(Stored dataset items)
---------------

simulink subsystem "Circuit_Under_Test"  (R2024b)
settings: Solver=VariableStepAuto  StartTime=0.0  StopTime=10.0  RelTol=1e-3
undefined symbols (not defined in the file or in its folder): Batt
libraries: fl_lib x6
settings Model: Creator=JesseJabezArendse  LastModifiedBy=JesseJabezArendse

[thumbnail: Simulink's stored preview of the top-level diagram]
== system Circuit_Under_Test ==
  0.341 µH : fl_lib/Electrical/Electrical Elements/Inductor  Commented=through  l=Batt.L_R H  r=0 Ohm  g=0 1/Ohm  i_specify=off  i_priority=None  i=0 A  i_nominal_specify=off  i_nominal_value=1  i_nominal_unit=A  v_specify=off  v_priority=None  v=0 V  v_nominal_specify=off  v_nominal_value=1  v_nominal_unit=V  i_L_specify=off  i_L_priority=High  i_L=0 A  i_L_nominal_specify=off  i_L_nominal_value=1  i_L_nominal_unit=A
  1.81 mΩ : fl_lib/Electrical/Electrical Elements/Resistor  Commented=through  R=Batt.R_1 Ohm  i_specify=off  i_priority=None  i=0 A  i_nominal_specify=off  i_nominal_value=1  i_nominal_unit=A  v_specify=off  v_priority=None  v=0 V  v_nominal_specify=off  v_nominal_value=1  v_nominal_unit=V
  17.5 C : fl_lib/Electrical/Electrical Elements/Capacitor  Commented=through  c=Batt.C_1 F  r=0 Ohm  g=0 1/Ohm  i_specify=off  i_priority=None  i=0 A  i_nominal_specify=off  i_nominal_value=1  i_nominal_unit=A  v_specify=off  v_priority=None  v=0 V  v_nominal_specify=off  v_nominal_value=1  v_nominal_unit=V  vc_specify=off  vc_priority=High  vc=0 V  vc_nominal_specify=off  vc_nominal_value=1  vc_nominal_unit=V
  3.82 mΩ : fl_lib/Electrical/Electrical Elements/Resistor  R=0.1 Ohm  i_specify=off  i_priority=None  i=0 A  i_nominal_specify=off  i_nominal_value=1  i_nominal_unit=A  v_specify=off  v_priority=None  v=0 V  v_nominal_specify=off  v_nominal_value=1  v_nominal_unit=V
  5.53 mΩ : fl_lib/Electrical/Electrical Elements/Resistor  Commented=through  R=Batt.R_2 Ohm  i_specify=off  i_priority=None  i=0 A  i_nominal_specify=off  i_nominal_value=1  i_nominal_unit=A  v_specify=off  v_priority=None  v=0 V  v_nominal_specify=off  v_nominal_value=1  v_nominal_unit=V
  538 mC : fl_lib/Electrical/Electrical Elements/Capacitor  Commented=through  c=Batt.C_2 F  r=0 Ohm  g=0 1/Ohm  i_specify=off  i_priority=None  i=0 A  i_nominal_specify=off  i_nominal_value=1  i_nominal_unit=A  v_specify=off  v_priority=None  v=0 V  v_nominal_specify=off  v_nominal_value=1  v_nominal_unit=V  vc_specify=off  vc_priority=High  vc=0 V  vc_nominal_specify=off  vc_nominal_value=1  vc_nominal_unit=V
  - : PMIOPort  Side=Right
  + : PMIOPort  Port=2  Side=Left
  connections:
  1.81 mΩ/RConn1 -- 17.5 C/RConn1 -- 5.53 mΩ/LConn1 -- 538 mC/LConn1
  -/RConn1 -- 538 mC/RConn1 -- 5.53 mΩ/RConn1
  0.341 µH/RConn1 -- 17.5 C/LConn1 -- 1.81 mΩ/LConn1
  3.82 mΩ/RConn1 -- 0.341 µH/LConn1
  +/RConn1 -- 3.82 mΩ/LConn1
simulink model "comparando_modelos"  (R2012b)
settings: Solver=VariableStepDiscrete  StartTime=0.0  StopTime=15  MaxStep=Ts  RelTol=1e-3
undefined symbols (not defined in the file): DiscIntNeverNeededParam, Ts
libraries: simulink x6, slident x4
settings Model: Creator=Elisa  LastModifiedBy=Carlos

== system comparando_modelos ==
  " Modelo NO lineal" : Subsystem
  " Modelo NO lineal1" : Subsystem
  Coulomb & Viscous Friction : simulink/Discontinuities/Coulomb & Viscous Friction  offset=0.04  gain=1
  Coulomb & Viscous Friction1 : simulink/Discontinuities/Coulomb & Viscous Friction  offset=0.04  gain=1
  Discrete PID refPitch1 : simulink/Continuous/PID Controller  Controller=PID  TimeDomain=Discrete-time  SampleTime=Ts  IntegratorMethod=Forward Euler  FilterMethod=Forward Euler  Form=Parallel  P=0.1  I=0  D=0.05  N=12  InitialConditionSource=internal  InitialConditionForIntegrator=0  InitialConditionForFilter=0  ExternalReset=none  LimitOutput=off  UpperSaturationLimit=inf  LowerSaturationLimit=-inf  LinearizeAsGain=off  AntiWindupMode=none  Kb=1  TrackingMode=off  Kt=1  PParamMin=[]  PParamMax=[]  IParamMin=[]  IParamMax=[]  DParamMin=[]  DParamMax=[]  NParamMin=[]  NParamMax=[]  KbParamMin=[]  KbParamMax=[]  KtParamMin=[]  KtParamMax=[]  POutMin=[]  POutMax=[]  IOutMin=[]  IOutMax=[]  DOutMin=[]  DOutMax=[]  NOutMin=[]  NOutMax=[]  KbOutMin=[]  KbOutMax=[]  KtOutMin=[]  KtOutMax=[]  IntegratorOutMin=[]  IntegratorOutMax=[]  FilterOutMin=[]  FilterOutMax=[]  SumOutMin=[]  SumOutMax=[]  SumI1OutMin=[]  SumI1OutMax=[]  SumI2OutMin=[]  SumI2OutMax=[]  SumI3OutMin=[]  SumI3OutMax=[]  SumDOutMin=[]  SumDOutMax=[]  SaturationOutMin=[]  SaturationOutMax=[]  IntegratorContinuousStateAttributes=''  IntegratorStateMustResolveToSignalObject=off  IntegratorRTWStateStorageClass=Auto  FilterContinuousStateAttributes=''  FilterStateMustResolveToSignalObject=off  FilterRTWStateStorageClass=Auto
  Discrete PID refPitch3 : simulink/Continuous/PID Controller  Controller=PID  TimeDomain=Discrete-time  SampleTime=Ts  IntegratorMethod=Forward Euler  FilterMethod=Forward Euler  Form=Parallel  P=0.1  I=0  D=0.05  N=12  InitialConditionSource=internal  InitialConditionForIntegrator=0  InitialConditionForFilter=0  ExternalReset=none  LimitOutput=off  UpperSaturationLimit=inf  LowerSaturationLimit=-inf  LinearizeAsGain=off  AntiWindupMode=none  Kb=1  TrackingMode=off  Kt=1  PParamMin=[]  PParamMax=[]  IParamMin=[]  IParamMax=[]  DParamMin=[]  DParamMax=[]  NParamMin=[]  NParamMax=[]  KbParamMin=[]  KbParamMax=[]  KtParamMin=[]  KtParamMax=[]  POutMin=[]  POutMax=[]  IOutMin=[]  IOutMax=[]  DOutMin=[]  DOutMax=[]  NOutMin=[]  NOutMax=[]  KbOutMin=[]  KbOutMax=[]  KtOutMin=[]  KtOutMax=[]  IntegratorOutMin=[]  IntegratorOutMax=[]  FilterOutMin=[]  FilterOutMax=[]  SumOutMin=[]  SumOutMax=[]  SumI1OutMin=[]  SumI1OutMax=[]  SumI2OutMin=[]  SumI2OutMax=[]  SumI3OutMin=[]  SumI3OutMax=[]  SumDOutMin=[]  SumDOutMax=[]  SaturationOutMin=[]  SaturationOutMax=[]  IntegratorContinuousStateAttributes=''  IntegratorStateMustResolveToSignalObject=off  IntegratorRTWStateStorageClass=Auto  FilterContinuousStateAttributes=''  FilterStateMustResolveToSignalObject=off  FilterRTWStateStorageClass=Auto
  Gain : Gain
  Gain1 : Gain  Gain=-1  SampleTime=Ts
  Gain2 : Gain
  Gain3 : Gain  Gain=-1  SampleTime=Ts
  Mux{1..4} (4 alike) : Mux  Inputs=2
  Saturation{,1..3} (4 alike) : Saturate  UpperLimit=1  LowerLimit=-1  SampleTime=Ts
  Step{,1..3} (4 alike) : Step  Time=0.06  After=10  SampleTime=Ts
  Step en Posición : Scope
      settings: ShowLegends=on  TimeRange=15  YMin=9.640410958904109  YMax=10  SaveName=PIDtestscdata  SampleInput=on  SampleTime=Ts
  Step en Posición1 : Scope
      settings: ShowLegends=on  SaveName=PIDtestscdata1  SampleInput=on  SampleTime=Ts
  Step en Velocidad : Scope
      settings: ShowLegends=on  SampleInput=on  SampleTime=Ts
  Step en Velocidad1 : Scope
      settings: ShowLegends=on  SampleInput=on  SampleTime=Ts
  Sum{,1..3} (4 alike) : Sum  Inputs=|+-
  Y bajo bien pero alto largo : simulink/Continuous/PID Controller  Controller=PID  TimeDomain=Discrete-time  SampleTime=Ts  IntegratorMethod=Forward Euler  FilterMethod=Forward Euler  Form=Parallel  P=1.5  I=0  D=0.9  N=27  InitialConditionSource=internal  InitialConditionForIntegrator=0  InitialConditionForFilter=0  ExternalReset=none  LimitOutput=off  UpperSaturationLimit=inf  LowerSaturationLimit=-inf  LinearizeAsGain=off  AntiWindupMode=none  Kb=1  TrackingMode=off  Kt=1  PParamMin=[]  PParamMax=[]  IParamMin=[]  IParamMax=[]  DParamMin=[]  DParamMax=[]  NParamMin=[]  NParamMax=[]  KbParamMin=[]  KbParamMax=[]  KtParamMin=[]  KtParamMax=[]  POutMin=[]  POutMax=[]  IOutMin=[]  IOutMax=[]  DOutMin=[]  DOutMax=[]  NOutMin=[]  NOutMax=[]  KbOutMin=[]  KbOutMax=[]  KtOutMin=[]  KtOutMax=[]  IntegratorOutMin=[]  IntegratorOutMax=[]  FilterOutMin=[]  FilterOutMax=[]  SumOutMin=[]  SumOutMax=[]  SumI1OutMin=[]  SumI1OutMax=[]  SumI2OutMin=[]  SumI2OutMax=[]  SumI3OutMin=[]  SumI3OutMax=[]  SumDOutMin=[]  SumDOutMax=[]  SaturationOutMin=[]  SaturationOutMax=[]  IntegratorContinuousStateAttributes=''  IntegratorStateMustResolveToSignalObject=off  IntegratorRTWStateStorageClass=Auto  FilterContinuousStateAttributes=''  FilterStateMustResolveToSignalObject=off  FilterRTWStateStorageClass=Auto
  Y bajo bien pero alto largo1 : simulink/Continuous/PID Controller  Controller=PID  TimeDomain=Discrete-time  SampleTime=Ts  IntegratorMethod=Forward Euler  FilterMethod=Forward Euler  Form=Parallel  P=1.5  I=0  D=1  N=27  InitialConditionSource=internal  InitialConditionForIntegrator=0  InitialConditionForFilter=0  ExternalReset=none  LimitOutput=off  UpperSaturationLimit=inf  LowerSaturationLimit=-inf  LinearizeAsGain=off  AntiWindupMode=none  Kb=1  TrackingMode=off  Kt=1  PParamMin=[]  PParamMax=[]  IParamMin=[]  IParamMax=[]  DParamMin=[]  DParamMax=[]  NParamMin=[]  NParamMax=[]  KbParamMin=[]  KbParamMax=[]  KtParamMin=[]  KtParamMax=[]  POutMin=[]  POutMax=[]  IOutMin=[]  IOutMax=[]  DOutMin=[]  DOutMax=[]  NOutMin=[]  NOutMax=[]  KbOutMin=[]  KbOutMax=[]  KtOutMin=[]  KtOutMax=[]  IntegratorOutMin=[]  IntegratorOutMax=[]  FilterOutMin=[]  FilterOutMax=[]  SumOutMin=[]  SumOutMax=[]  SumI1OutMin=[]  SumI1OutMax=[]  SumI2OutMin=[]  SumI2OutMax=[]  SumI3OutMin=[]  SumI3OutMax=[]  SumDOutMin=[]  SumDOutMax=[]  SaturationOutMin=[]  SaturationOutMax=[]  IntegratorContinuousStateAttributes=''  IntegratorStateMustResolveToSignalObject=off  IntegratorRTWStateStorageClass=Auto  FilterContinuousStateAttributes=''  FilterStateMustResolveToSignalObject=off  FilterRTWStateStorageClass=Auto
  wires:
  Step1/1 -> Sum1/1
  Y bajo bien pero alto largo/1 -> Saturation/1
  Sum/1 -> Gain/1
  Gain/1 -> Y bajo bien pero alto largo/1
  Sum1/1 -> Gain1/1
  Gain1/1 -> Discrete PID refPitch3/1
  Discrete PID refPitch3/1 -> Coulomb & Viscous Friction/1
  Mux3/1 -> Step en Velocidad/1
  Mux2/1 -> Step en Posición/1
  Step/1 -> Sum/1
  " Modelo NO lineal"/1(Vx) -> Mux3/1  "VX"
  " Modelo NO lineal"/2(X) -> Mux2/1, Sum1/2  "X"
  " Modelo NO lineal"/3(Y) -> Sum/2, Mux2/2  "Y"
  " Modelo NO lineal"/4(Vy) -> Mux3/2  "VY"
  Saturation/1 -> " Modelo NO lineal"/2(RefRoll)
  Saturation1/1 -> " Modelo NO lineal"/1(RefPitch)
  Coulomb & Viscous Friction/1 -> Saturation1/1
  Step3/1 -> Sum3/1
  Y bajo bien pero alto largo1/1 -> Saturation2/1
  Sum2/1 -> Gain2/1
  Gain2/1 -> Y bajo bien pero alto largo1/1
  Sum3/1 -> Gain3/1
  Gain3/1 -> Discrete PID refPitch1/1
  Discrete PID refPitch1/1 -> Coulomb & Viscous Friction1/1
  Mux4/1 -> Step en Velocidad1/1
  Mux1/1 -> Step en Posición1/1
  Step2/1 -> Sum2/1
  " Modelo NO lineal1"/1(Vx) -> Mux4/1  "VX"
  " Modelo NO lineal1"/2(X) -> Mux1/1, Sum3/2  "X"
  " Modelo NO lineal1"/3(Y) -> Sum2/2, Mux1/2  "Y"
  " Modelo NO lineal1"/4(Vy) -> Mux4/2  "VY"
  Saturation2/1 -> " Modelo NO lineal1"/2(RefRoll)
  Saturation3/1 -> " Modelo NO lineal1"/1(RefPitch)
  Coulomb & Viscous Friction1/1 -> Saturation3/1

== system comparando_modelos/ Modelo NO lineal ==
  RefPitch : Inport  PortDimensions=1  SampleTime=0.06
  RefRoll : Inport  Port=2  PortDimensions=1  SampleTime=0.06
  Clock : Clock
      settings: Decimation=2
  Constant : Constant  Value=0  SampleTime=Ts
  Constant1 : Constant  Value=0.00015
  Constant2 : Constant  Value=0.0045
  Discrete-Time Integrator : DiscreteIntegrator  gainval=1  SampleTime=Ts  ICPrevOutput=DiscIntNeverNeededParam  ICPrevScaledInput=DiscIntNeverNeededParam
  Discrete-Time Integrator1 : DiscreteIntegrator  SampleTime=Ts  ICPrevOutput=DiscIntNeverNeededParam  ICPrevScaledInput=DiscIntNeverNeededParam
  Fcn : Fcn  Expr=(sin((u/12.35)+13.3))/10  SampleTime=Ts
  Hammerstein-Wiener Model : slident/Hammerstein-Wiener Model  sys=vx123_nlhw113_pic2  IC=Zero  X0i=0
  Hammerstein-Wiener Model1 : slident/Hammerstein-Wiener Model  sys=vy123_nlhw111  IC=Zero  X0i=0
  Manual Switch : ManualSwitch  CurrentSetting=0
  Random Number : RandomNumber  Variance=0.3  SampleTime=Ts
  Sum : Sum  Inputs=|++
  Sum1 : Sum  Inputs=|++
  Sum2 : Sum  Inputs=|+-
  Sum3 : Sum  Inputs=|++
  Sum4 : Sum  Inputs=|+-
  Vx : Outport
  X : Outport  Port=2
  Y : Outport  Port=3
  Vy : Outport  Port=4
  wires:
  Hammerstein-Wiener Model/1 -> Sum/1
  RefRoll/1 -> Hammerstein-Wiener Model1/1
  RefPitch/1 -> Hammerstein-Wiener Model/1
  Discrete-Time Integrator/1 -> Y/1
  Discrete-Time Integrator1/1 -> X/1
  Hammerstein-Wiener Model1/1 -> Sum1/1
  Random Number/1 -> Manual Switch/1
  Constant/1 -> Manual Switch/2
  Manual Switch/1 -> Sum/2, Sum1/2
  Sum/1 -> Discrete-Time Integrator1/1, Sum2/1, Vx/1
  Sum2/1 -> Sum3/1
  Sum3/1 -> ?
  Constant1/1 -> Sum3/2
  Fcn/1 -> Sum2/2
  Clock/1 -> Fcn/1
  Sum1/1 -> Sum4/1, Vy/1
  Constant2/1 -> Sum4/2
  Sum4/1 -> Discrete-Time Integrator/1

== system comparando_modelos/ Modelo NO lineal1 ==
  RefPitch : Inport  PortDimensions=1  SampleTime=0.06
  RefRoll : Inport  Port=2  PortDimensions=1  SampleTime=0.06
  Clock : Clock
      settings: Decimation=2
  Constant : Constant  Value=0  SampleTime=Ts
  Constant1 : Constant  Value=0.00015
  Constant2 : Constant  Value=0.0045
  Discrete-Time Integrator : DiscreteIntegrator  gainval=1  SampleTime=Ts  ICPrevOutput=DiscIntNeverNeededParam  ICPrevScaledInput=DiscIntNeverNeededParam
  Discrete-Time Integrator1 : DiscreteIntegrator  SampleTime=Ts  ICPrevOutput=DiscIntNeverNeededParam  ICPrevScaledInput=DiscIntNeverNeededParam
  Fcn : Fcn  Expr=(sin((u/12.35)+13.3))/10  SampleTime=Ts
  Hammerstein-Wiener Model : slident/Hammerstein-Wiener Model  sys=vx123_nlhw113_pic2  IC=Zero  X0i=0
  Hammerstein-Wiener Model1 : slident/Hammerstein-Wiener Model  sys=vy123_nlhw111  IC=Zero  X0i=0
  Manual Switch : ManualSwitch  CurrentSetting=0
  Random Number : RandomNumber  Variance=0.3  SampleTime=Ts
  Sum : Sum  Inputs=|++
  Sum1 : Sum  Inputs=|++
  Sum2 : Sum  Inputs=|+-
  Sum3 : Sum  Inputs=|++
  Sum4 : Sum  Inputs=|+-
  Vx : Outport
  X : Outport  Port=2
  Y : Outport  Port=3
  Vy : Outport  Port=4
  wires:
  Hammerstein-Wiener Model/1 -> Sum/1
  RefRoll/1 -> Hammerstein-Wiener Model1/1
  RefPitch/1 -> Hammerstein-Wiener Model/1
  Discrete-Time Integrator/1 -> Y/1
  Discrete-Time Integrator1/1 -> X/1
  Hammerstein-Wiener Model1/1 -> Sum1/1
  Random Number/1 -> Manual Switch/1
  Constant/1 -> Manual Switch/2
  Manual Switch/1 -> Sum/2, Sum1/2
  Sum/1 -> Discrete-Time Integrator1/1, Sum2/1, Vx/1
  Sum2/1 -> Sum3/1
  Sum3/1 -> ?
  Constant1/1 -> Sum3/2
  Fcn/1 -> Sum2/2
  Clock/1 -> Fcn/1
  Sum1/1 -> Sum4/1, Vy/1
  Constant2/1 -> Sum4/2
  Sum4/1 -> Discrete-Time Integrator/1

---------------

▸ **Aim of the exercise**:
Copy the records above exactly, beginning at the line that contains "Step en Posición : Scope" and stopping after the line that contains "alike) : Sum".

▸ **Result**:
  Step en Posición : Scope
      settings: ShowLegends=on  TimeRange=15  YMin=9.640410958904109  YMax=10  SaveName=PIDtestscdata  SampleInput=on  SampleTime=Ts
  Step en Posición1 : Scope
      settings: ShowLegends=on  SaveName=PIDtestscdata1  SampleInput=on  SampleTime=Ts
  Step en Velocidad : Scope
      settings: ShowLegends=on  SampleInput=on  SampleTime=Ts
  Step en Velocidad1 : Scope
      settings: ShowLegends=on  SampleInput=on  SampleTime=Ts
  Sum{,1..3} (4 alike) : Sum  Inputs=|+-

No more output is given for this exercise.